## What you need to do
Before copying the entries, remove the pictures; everything else stays exactly as it is.

── Data shown

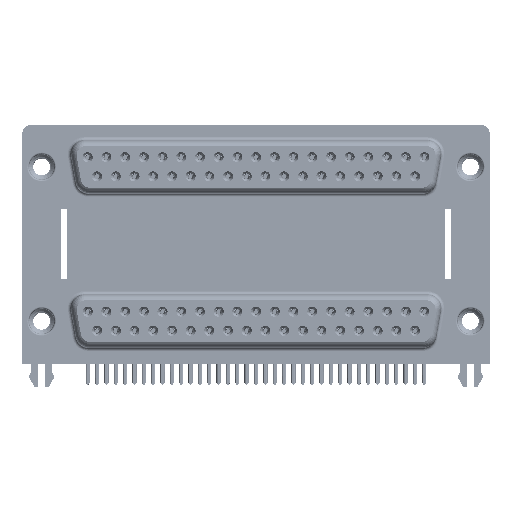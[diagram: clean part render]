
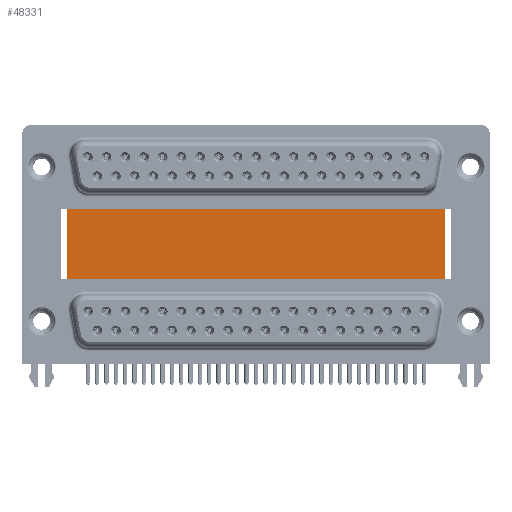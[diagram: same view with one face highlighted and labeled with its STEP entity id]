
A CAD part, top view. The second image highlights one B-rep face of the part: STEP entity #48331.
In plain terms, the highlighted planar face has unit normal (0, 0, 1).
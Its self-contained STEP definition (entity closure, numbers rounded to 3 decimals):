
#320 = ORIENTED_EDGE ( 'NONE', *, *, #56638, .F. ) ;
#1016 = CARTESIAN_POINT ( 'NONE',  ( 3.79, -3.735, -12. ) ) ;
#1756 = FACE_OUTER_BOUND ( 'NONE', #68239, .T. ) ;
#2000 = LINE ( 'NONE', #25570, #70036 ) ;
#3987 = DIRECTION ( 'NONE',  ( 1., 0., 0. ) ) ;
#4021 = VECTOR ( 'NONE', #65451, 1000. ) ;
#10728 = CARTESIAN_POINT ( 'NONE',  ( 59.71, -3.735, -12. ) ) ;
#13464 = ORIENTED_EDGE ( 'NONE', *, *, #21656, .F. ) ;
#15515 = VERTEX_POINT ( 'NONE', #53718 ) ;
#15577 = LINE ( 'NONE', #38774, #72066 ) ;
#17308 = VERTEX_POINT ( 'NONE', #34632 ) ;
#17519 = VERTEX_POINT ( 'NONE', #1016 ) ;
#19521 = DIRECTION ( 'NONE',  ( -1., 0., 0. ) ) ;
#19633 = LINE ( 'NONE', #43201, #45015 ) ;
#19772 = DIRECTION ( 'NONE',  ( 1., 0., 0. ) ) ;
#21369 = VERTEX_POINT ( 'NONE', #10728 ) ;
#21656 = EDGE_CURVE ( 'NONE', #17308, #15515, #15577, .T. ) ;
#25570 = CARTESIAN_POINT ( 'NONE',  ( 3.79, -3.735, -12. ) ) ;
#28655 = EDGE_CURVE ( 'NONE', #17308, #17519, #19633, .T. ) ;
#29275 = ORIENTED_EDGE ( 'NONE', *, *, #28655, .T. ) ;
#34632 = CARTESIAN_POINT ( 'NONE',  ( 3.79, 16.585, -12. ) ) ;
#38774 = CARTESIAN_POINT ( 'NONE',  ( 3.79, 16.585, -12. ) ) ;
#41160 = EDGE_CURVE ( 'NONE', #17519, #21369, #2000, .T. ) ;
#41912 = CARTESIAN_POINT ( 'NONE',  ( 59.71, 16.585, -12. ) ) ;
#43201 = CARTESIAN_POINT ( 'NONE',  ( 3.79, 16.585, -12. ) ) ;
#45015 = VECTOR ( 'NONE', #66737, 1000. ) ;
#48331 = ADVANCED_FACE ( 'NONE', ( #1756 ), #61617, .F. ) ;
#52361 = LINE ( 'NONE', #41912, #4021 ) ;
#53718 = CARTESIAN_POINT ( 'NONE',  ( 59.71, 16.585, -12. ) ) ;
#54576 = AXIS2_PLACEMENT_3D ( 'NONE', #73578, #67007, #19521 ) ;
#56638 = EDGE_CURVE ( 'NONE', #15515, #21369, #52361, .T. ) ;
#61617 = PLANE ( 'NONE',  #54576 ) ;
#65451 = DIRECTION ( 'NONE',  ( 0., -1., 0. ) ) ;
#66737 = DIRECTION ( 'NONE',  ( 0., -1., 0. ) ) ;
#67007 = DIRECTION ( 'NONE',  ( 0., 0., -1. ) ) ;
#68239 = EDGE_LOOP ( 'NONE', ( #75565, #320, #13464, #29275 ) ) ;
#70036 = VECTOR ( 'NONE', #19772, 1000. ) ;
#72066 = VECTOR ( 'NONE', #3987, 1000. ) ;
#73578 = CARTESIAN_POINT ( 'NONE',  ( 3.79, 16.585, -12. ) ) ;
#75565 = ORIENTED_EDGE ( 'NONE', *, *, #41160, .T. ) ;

────

## Task result
[diagram: clean part render]
[diagram: same view with one face highlighted and labeled with its STEP entity id]
A CAD part, top view. The second image highlights one B-rep face of the part: STEP entity #48331.
In plain terms, the highlighted planar face has unit normal (0, 0, 1).
Its self-contained STEP definition (entity closure, numbers rounded to 3 decimals):
#320 = ORIENTED_EDGE ( 'NONE', *, *, #56638, .F. ) ;
#1016 = CARTESIAN_POINT ( 'NONE',  ( 3.79, -3.735, -12. ) ) ;
#1756 = FACE_OUTER_BOUND ( 'NONE', #68239, .T. ) ;
#2000 = LINE ( 'NONE', #25570, #70036 ) ;
#3987 = DIRECTION ( 'NONE',  ( 1., 0., 0. ) ) ;
#4021 = VECTOR ( 'NONE', #65451, 1000. ) ;
#10728 = CARTESIAN_POINT ( 'NONE',  ( 59.71, -3.735, -12. ) ) ;
#13464 = ORIENTED_EDGE ( 'NONE', *, *, #21656, .F. ) ;
#15515 = VERTEX_POINT ( 'NONE', #53718 ) ;
#15577 = LINE ( 'NONE', #38774, #72066 ) ;
#17308 = VERTEX_POINT ( 'NONE', #34632 ) ;
#17519 = VERTEX_POINT ( 'NONE', #1016 ) ;
#19521 = DIRECTION ( 'NONE',  ( -1., 0., 0. ) ) ;
#19633 = LINE ( 'NONE', #43201, #45015 ) ;
#19772 = DIRECTION ( 'NONE',  ( 1., 0., 0. ) ) ;
#21369 = VERTEX_POINT ( 'NONE', #10728 ) ;
#21656 = EDGE_CURVE ( 'NONE', #17308, #15515, #15577, .T. ) ;
#25570 = CARTESIAN_POINT ( 'NONE',  ( 3.79, -3.735, -12. ) ) ;
#28655 = EDGE_CURVE ( 'NONE', #17308, #17519, #19633, .T. ) ;
#29275 = ORIENTED_EDGE ( 'NONE', *, *, #28655, .T. ) ;
#34632 = CARTESIAN_POINT ( 'NONE',  ( 3.79, 16.585, -12. ) ) ;
#38774 = CARTESIAN_POINT ( 'NONE',  ( 3.79, 16.585, -12. ) ) ;
#41160 = EDGE_CURVE ( 'NONE', #17519, #21369, #2000, .T. ) ;
#41912 = CARTESIAN_POINT ( 'NONE',  ( 59.71, 16.585, -12. ) ) ;
#43201 = CARTESIAN_POINT ( 'NONE',  ( 3.79, 16.585, -12. ) ) ;
#45015 = VECTOR ( 'NONE', #66737, 1000. ) ;
#48331 = ADVANCED_FACE ( 'NONE', ( #1756 ), #61617, .F. ) ;
#52361 = LINE ( 'NONE', #41912, #4021 ) ;
#53718 = CARTESIAN_POINT ( 'NONE',  ( 59.71, 16.585, -12. ) ) ;
#54576 = AXIS2_PLACEMENT_3D ( 'NONE', #73578, #67007, #19521 ) ;
#56638 = EDGE_CURVE ( 'NONE', #15515, #21369, #52361, .T. ) ;
#61617 = PLANE ( 'NONE',  #54576 ) ;
#65451 = DIRECTION ( 'NONE',  ( 0., -1., 0. ) ) ;
#66737 = DIRECTION ( 'NONE',  ( 0., -1., 0. ) ) ;
#67007 = DIRECTION ( 'NONE',  ( 0., 0., -1. ) ) ;
#68239 = EDGE_LOOP ( 'NONE', ( #75565, #320, #13464, #29275 ) ) ;
#70036 = VECTOR ( 'NONE', #19772, 1000. ) ;
#72066 = VECTOR ( 'NONE', #3987, 1000. ) ;
#73578 = CARTESIAN_POINT ( 'NONE',  ( 3.79, 16.585, -12. ) ) ;
#75565 = ORIENTED_EDGE ( 'NONE', *, *, #41160, .T. ) ;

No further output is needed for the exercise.